BISYS Quietly Sells Distribution, B/D Businesses

Citigroup's acquisition of BISYS for $1.47 billion last May, with a subsequent spin off of two units to private equity firm J.C. Flowers appeared to be a done deal. But one last under-the-radar acquisition took place two weeks ago.

Citigroup acquired the entire firm, including BISYS' prized alternative investments/hedge funds servicing business, its insurance and retirement services units, and its troubled mutual fund servicing unit, which had been fined by regulators for essentially accepting kickbacks.

Upon closing of the sale, Citigroup then simultaneously sold off BISYS' insurance and retirement servicing divisions to J.C. Flowers, a private equity firm in New York.
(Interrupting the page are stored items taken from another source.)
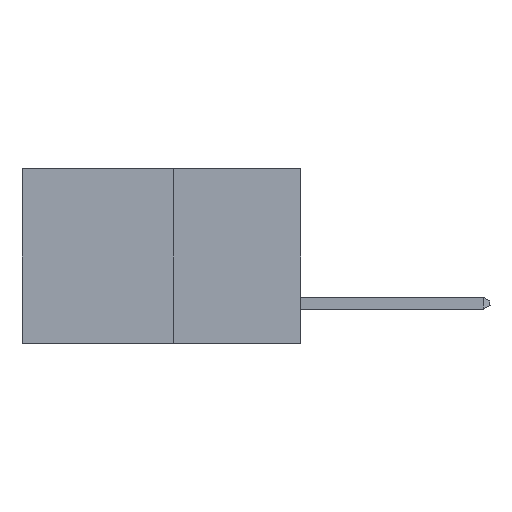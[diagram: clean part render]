
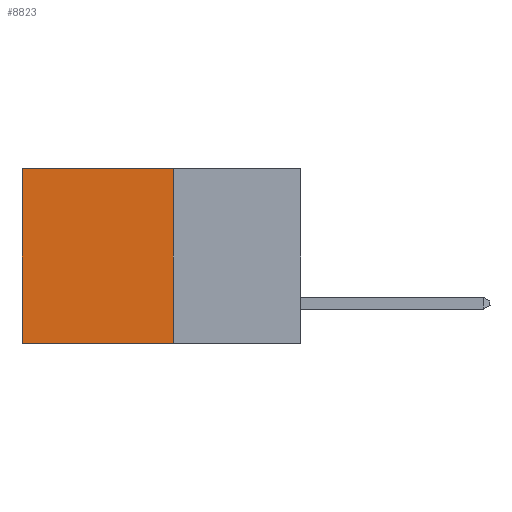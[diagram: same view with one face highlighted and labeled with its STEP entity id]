
A CAD part, left-side view. The second image highlights one B-rep face of the part: STEP entity #8823.
In plain terms, the highlighted planar face has unit normal (-1, 0, 0).
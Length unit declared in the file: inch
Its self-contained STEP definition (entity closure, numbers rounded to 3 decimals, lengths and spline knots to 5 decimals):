
#129 = VERTEX_POINT ( 'NONE', #8924 ) ;
#202 = VECTOR ( 'NONE', #7812, 39.37008 ) ;
#714 = LINE ( 'NONE', #7521, #9403 ) ;
#752 = VERTEX_POINT ( 'NONE', #11239 ) ;
#987 = CARTESIAN_POINT ( 'NONE',  ( 0.277, 0.27, 0. ) ) ;
#1067 = EDGE_CURVE ( 'NONE', #8761, #9788, #3043, .T. ) ;
#2981 = VECTOR ( 'NONE', #13436, 39.37008 ) ;
#3043 = LINE ( 'NONE', #12797, #202 ) ;
#3945 = EDGE_CURVE ( 'NONE', #752, #129, #8526, .T. ) ;
#4197 = DIRECTION ( 'NONE',  ( 0., 1., 0. ) ) ;
#4291 = EDGE_LOOP ( 'NONE', ( #6452, #6466, #11515, #11603 ) ) ;
#4871 = VECTOR ( 'NONE', #8919, 39.37008 ) ;
#5353 = DIRECTION ( 'NONE',  ( 1., 0., 0. ) ) ;
#6452 = ORIENTED_EDGE ( 'NONE', *, *, #3945, .T. ) ;
#6466 = ORIENTED_EDGE ( 'NONE', *, *, #12865, .F. ) ;
#7521 = CARTESIAN_POINT ( 'NONE',  ( 0.277, 0.27, -0.37 ) ) ;
#7812 = DIRECTION ( 'NONE',  ( 0., 0., -1. ) ) ;
#8526 = LINE ( 'NONE', #12948, #2981 ) ;
#8761 = VERTEX_POINT ( 'NONE', #13655 ) ;
#8823 = ADVANCED_FACE ( 'NONE', ( #11579 ), #11685, .F. ) ;
#8919 = DIRECTION ( 'NONE',  ( 0., 1., 0. ) ) ;
#8924 = CARTESIAN_POINT ( 'NONE',  ( 0.277, 0.59, -0.37 ) ) ;
#9403 = VECTOR ( 'NONE', #4197, 39.37008 ) ;
#9788 = VERTEX_POINT ( 'NONE', #11569 ) ;
#10064 = AXIS2_PLACEMENT_3D ( 'NONE', #10653, #5353, #12743 ) ;
#10234 = LINE ( 'NONE', #987, #4871 ) ;
#10653 = CARTESIAN_POINT ( 'NONE',  ( 0.277, 0.27, -0.37 ) ) ;
#11239 = CARTESIAN_POINT ( 'NONE',  ( 0.277, 0.59, 0. ) ) ;
#11267 = EDGE_CURVE ( 'NONE', #8761, #752, #10234, .T. ) ;
#11515 = ORIENTED_EDGE ( 'NONE', *, *, #1067, .F. ) ;
#11569 = CARTESIAN_POINT ( 'NONE',  ( 0.277, 0.27, -0.37 ) ) ;
#11579 = FACE_OUTER_BOUND ( 'NONE', #4291, .T. ) ;
#11603 = ORIENTED_EDGE ( 'NONE', *, *, #11267, .T. ) ;
#11685 = PLANE ( 'NONE',  #10064 ) ;
#12743 = DIRECTION ( 'NONE',  ( 0., 0., -1. ) ) ;
#12797 = CARTESIAN_POINT ( 'NONE',  ( 0.277, 0.27, -0.37 ) ) ;
#12865 = EDGE_CURVE ( 'NONE', #9788, #129, #714, .T. ) ;
#12948 = CARTESIAN_POINT ( 'NONE',  ( 0.277, 0.59, -0.37 ) ) ;
#13436 = DIRECTION ( 'NONE',  ( 0., 0., -1. ) ) ;
#13655 = CARTESIAN_POINT ( 'NONE',  ( 0.277, 0.27, 0. ) ) ;
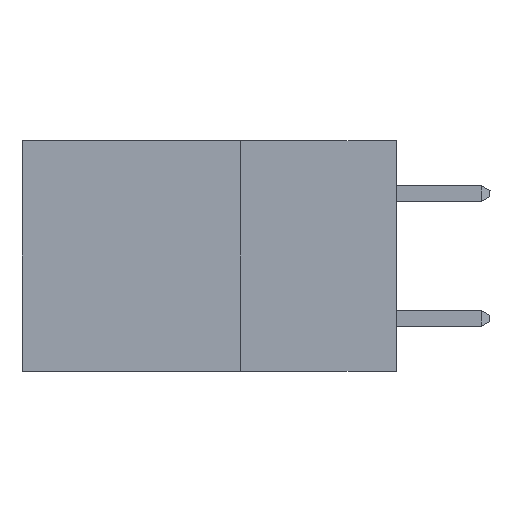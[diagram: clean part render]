
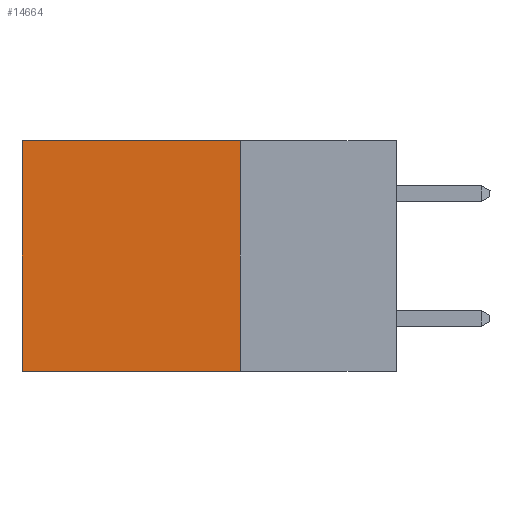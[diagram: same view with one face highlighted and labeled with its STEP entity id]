
A CAD part, left-side view. The second image highlights one B-rep face of the part: STEP entity #14664.
In plain terms, the highlighted planar face has unit normal (-1, 0, 0).
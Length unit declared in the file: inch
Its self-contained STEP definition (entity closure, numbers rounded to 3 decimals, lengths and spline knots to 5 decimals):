
#142 = EDGE_CURVE ( 'NONE', #12595, #3755, #14654, .T. ) ;
#680 = DIRECTION ( 'NONE',  ( 0., 0., -1. ) ) ;
#959 = LINE ( 'NONE', #11566, #9884 ) ;
#2828 = CARTESIAN_POINT ( 'NONE',  ( 0.298, 0.6, 0. ) ) ;
#3126 = LINE ( 'NONE', #11040, #5816 ) ;
#3755 = VERTEX_POINT ( 'NONE', #14663 ) ;
#3847 = EDGE_LOOP ( 'NONE', ( #11184, #13393, #5454, #7732 ) ) ;
#3945 = DIRECTION ( 'NONE',  ( 1., 0., 0. ) ) ;
#4220 = LINE ( 'NONE', #7472, #12965 ) ;
#4228 = CARTESIAN_POINT ( 'NONE',  ( 0.298, 0.25, -0.37 ) ) ;
#5454 = ORIENTED_EDGE ( 'NONE', *, *, #6130, .F. ) ;
#5578 = VECTOR ( 'NONE', #680, 39.37008 ) ;
#5816 = VECTOR ( 'NONE', #6493, 39.37008 ) ;
#6130 = EDGE_CURVE ( 'NONE', #9673, #8253, #4220, .T. ) ;
#6264 = CARTESIAN_POINT ( 'NONE',  ( 0.298, 0.25, 0. ) ) ;
#6269 = AXIS2_PLACEMENT_3D ( 'NONE', #9580, #3945, #11882 ) ;
#6493 = DIRECTION ( 'NONE',  ( 0., 1., 0. ) ) ;
#7472 = CARTESIAN_POINT ( 'NONE',  ( 0.298, 0.25, 0. ) ) ;
#7732 = ORIENTED_EDGE ( 'NONE', *, *, #11871, .T. ) ;
#8253 = VERTEX_POINT ( 'NONE', #4228 ) ;
#8611 = DIRECTION ( 'NONE',  ( 0., 0., -1. ) ) ;
#9580 = CARTESIAN_POINT ( 'NONE',  ( 0.298, 0.25, 0. ) ) ;
#9673 = VERTEX_POINT ( 'NONE', #6264 ) ;
#9884 = VECTOR ( 'NONE', #11614, 39.37008 ) ;
#11040 = CARTESIAN_POINT ( 'NONE',  ( 0.298, 0.25, 0. ) ) ;
#11184 = ORIENTED_EDGE ( 'NONE', *, *, #142, .T. ) ;
#11468 = CARTESIAN_POINT ( 'NONE',  ( 0.298, 0.6, 0. ) ) ;
#11566 = CARTESIAN_POINT ( 'NONE',  ( 0.298, 0.25, -0.37 ) ) ;
#11614 = DIRECTION ( 'NONE',  ( 0., 1., 0. ) ) ;
#11871 = EDGE_CURVE ( 'NONE', #9673, #12595, #3126, .T. ) ;
#11882 = DIRECTION ( 'NONE',  ( 0., 0., -1. ) ) ;
#12595 = VERTEX_POINT ( 'NONE', #11468 ) ;
#12965 = VECTOR ( 'NONE', #8611, 39.37008 ) ;
#13393 = ORIENTED_EDGE ( 'NONE', *, *, #14518, .F. ) ;
#13825 = FACE_OUTER_BOUND ( 'NONE', #3847, .T. ) ;
#14128 = PLANE ( 'NONE',  #6269 ) ;
#14518 = EDGE_CURVE ( 'NONE', #8253, #3755, #959, .T. ) ;
#14654 = LINE ( 'NONE', #2828, #5578 ) ;
#14663 = CARTESIAN_POINT ( 'NONE',  ( 0.298, 0.6, -0.37 ) ) ;
#14664 = ADVANCED_FACE ( 'NONE', ( #13825 ), #14128, .F. ) ;
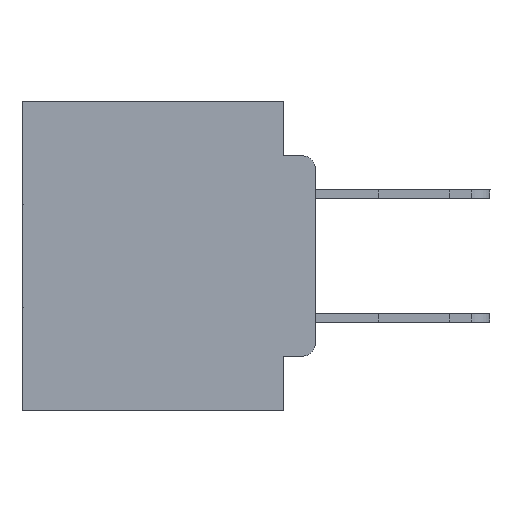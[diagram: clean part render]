
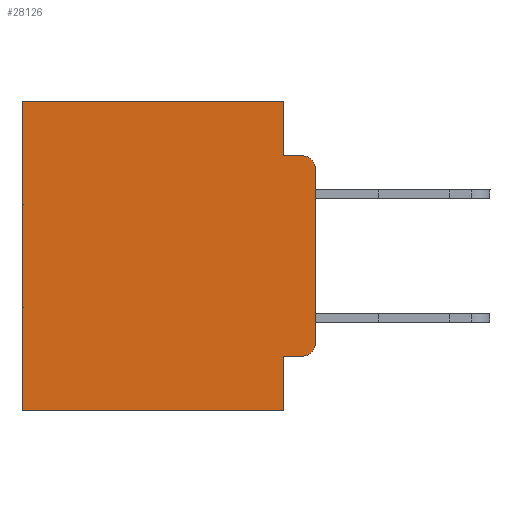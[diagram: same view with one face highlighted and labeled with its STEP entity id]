
A CAD part, left-side view. The second image highlights one B-rep face of the part: STEP entity #28126.
In plain terms, the highlighted planar face has unit normal (-1, 0, 0).
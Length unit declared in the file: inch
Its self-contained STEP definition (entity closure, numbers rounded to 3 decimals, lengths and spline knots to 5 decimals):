
#738 = CIRCLE ( 'NONE', #11989, 0.02 ) ;
#1334 = ORIENTED_EDGE ( 'NONE', *, *, #28753, .T. ) ;
#1789 = LINE ( 'NONE', #15032, #24322 ) ;
#2025 = VECTOR ( 'NONE', #5551, 39.37008 ) ;
#2068 = CARTESIAN_POINT ( 'NONE',  ( 0.298, 0.473, 0. ) ) ;
#2094 = EDGE_CURVE ( 'NONE', #8666, #28054, #27016, .T. ) ;
#2226 = DIRECTION ( 'NONE',  ( 0., 1., 0. ) ) ;
#3348 = CARTESIAN_POINT ( 'NONE',  ( 0.298, 0.473, -0.5 ) ) ;
#5285 = ORIENTED_EDGE ( 'NONE', *, *, #17192, .T. ) ;
#5420 = VERTEX_POINT ( 'NONE', #3348 ) ;
#5551 = DIRECTION ( 'NONE',  ( 0., -1., 0. ) ) ;
#5587 = CARTESIAN_POINT ( 'NONE',  ( 0.298, 0.02, -0.1085 ) ) ;
#5832 = LINE ( 'NONE', #16368, #26598 ) ;
#6284 = VECTOR ( 'NONE', #11613, 39.37008 ) ;
#6288 = EDGE_CURVE ( 'NONE', #22615, #16517, #29680, .T. ) ;
#6328 = DIRECTION ( 'NONE',  ( 0., 0., -1. ) ) ;
#7158 = CARTESIAN_POINT ( 'NONE',  ( 0.298, 0.051, 0. ) ) ;
#7223 = DIRECTION ( 'NONE',  ( -1., 0., 0. ) ) ;
#7307 = CARTESIAN_POINT ( 'NONE',  ( 0.298, 0.02, -0.4115 ) ) ;
#7314 = VERTEX_POINT ( 'NONE', #7307 ) ;
#7530 = LINE ( 'NONE', #21606, #23923 ) ;
#7810 = DIRECTION ( 'NONE',  ( 0., 0., -1. ) ) ;
#7945 = CARTESIAN_POINT ( 'NONE',  ( 0.298, 0.051, -0.5 ) ) ;
#8406 = ORIENTED_EDGE ( 'NONE', *, *, #20795, .T. ) ;
#8666 = VERTEX_POINT ( 'NONE', #24060 ) ;
#10190 = CARTESIAN_POINT ( 'NONE',  ( 0.298, 0.051, 0. ) ) ;
#10225 = CARTESIAN_POINT ( 'NONE',  ( 0.298, 0.051, -0.4115 ) ) ;
#10381 = ORIENTED_EDGE ( 'NONE', *, *, #19334, .F. ) ;
#10992 = ORIENTED_EDGE ( 'NONE', *, *, #18272, .T. ) ;
#11613 = DIRECTION ( 'NONE',  ( 0., 0., -1. ) ) ;
#11739 = ORIENTED_EDGE ( 'NONE', *, *, #24831, .F. ) ;
#11989 = AXIS2_PLACEMENT_3D ( 'NONE', #26159, #7223, #12240 ) ;
#12240 = DIRECTION ( 'NONE',  ( 0., 0., -1. ) ) ;
#12488 = LINE ( 'NONE', #20856, #6284 ) ;
#13030 = EDGE_LOOP ( 'NONE', ( #15373, #16800, #11739, #21711, #10992, #1334, #10381, #16717, #8406, #5285 ) ) ;
#13053 = PLANE ( 'NONE',  #25251 ) ;
#13990 = FACE_OUTER_BOUND ( 'NONE', #13030, .T. ) ;
#14012 = CARTESIAN_POINT ( 'NONE',  ( 0.298, 0.051, -0.0885 ) ) ;
#14128 = VERTEX_POINT ( 'NONE', #27700 ) ;
#14290 = VECTOR ( 'NONE', #29053, 39.37008 ) ;
#14790 = DIRECTION ( 'NONE',  ( 0., 1., 0. ) ) ;
#15032 = CARTESIAN_POINT ( 'NONE',  ( 0.298, 0.051, -0.0885 ) ) ;
#15373 = ORIENTED_EDGE ( 'NONE', *, *, #16534, .F. ) ;
#15493 = DIRECTION ( 'NONE',  ( 1., 0., 0. ) ) ;
#16368 = CARTESIAN_POINT ( 'NONE',  ( 0.298, 0., 0. ) ) ;
#16517 = VERTEX_POINT ( 'NONE', #14012 ) ;
#16534 = EDGE_CURVE ( 'NONE', #22844, #14128, #5832, .T. ) ;
#16717 = ORIENTED_EDGE ( 'NONE', *, *, #2094, .F. ) ;
#16800 = ORIENTED_EDGE ( 'NONE', *, *, #20022, .T. ) ;
#17192 = EDGE_CURVE ( 'NONE', #7314, #14128, #738, .T. ) ;
#18272 = EDGE_CURVE ( 'NONE', #22615, #24341, #21765, .T. ) ;
#19123 = CIRCLE ( 'NONE', #25066, 0.02 ) ;
#19334 = EDGE_CURVE ( 'NONE', #28054, #5420, #7530, .T. ) ;
#20022 = EDGE_CURVE ( 'NONE', #22844, #23611, #19123, .T. ) ;
#20795 = EDGE_CURVE ( 'NONE', #8666, #7314, #27114, .T. ) ;
#20856 = CARTESIAN_POINT ( 'NONE',  ( 0.298, 0.473, 0. ) ) ;
#20862 = CARTESIAN_POINT ( 'NONE',  ( 0.298, 0.051, 0. ) ) ;
#21606 = CARTESIAN_POINT ( 'NONE',  ( 0.298, 0., -0.5 ) ) ;
#21711 = ORIENTED_EDGE ( 'NONE', *, *, #6288, .F. ) ;
#21765 = LINE ( 'NONE', #23166, #22103 ) ;
#22103 = VECTOR ( 'NONE', #2226, 39.37008 ) ;
#22615 = VERTEX_POINT ( 'NONE', #20862 ) ;
#22844 = VERTEX_POINT ( 'NONE', #26424 ) ;
#23166 = CARTESIAN_POINT ( 'NONE',  ( 0.298, 0., 0. ) ) ;
#23611 = VERTEX_POINT ( 'NONE', #23853 ) ;
#23847 = DIRECTION ( 'NONE',  ( 0., 0., -1. ) ) ;
#23853 = CARTESIAN_POINT ( 'NONE',  ( 0.298, 0.02, -0.0885 ) ) ;
#23923 = VECTOR ( 'NONE', #14790, 39.37008 ) ;
#24060 = CARTESIAN_POINT ( 'NONE',  ( 0.298, 0.051, -0.4115 ) ) ;
#24322 = VECTOR ( 'NONE', #26523, 39.37008 ) ;
#24341 = VERTEX_POINT ( 'NONE', #2068 ) ;
#24831 = EDGE_CURVE ( 'NONE', #16517, #23611, #1789, .T. ) ;
#25066 = AXIS2_PLACEMENT_3D ( 'NONE', #5587, #26648, #7810 ) ;
#25251 = AXIS2_PLACEMENT_3D ( 'NONE', #29366, #15493, #6328 ) ;
#25698 = DIRECTION ( 'NONE',  ( 0., 0., -1. ) ) ;
#26159 = CARTESIAN_POINT ( 'NONE',  ( 0.298, 0.02, -0.3915 ) ) ;
#26424 = CARTESIAN_POINT ( 'NONE',  ( 0.298, 0., -0.1085 ) ) ;
#26523 = DIRECTION ( 'NONE',  ( 0., -1., 0. ) ) ;
#26598 = VECTOR ( 'NONE', #25698, 39.37008 ) ;
#26648 = DIRECTION ( 'NONE',  ( -1., 0., 0. ) ) ;
#27016 = LINE ( 'NONE', #10190, #14290 ) ;
#27081 = VECTOR ( 'NONE', #23847, 39.37008 ) ;
#27114 = LINE ( 'NONE', #10225, #2025 ) ;
#27700 = CARTESIAN_POINT ( 'NONE',  ( 0.298, 0., -0.3915 ) ) ;
#28054 = VERTEX_POINT ( 'NONE', #7945 ) ;
#28126 = ADVANCED_FACE ( 'NONE', ( #13990 ), #13053, .F. ) ;
#28753 = EDGE_CURVE ( 'NONE', #24341, #5420, #12488, .T. ) ;
#29053 = DIRECTION ( 'NONE',  ( 0., 0., -1. ) ) ;
#29366 = CARTESIAN_POINT ( 'NONE',  ( 0.298, 0., 0. ) ) ;
#29680 = LINE ( 'NONE', #7158, #27081 ) ;

Now, new details reveal that simultaneous to Citigroup's completion of BISYS acquisition on Aug. 1, BISYS Fund Services Funds Distributors, and two other private labeled broker/dealer subsidiaries operated by BISYS as the underwriter and distributor of clients' mutual funds, were sold in a private transaction to Foreside Financial Group, the mutual fund servicer headquartered in Portland, Maine. Although not specifically named, those two private label broker/dealers appear to have been Performance Funds Distributor, and Heartland Investor Services.

The acquisition included the provision that Foreside keep three BISYS offices based in Boston, Bethesda, Md., and Columbus, Ohio. Additionally, all 20 former BISYS employees remain with the firm.

Financial details of the four acquisitions were not disclosed. A BISYS spokeswoman had not returned a call seeking comment by press time.

BISYS' former fund clients, many of which recently had distribution agreements approved by their boards of directors, were busy alerting their shareholders. "BISYS has determined that it will cease to serve as a principal underwriter to mutual funds shortly after the consummation of the merger," revealed an Aug. 3 prospectus amendment from the Heartland Funds Group.

Foreside is the successor firm to Forum Fund Services, originally organized in September 1998 as a subsidiary of Forum Financial Group. Ironically, in 2003 it was Citigroup that acquired a majority of Forum Financial Group, and in 2004, two executives agreed to acquire the fund servicing unit of Forum Fund Services that Citigroup had not acquired. The deal brings a collective $125 billion in fresh assets under distribution to the firm, more then tripling Foreside's asset servicing base from $50 billion.

Foreside operates two subsidiaries, broker/dealer and mutual fund underwriter and distributor Foreside Fund Services and Foreside Compliance Services, which provides various compliance tasks on an outsourced basis to investment companies. Those two functions are all the company wants to do. Unlike other outsource service firms that will bundle distribution with transfer agency, fund accounting, and other back-office tasks, Foreside will only distribute funds and provide compliance services-period.

"We're not permitted to discuss the [BISYS] transaction," said Simon Collier, president and partner of Foreside Financial Group. "It's complementary to the business we have," he added.

The deal makes sense because Foreside has taken on the distribution for many of BISYS' former bank-sponsored fund clients. "We don't compete with any of the banks," Collier noted. That suggests that there could have been a conflict of interest if Citigroup had absorbed BISYS' bank fund clients' distribution duties.

The original BISYS sale was publicly announced in May, nine months after the firm turned to Bear Stearns to help it explore strategic alternatives. Although industry analysts had expected that the company would be sold off in pieces to several buyers, BISYS entered into an exclusive negotiation arrangement with Citigroup for the sale of the entire firm in April. Post-sale, business pieces were parceled off separately, as predicted.

Distribution has increasingly become an area of interest for service providers.

ALPS Fund Services of Denver handles an array of outsourced behind-the-scenes tasks. The firm, which has been majority owned by private equity firm Lovell Minnick Partners of Rolling Hills Estates, Calif., since September 2005, has carved out its particular niche with the "active distribution" of open- and closed-end funds, as well as exchange-traded funds.

"We act as marketing agent; a partner with the investment advisor to bring out a fund," said ALPS President Ned Burke. That includes everything from helping coordinate a closed-end fund's road show and working with the underwriters to creating sales collateral materials for clients, he said. That active distribution is in addition to the "statutory" distribution services that ALPS has offered for years.

Among its successes, in January 2007 ALPS helped launch the closed-end Alpine Total Dynamic Dividend Fund with a record-breaking $4 billion of initial assets.

ALPS also recently added hedge fund administration to its repertoire, as well money management with the launch of a series of asset allocation portfolios utilizing ETFs.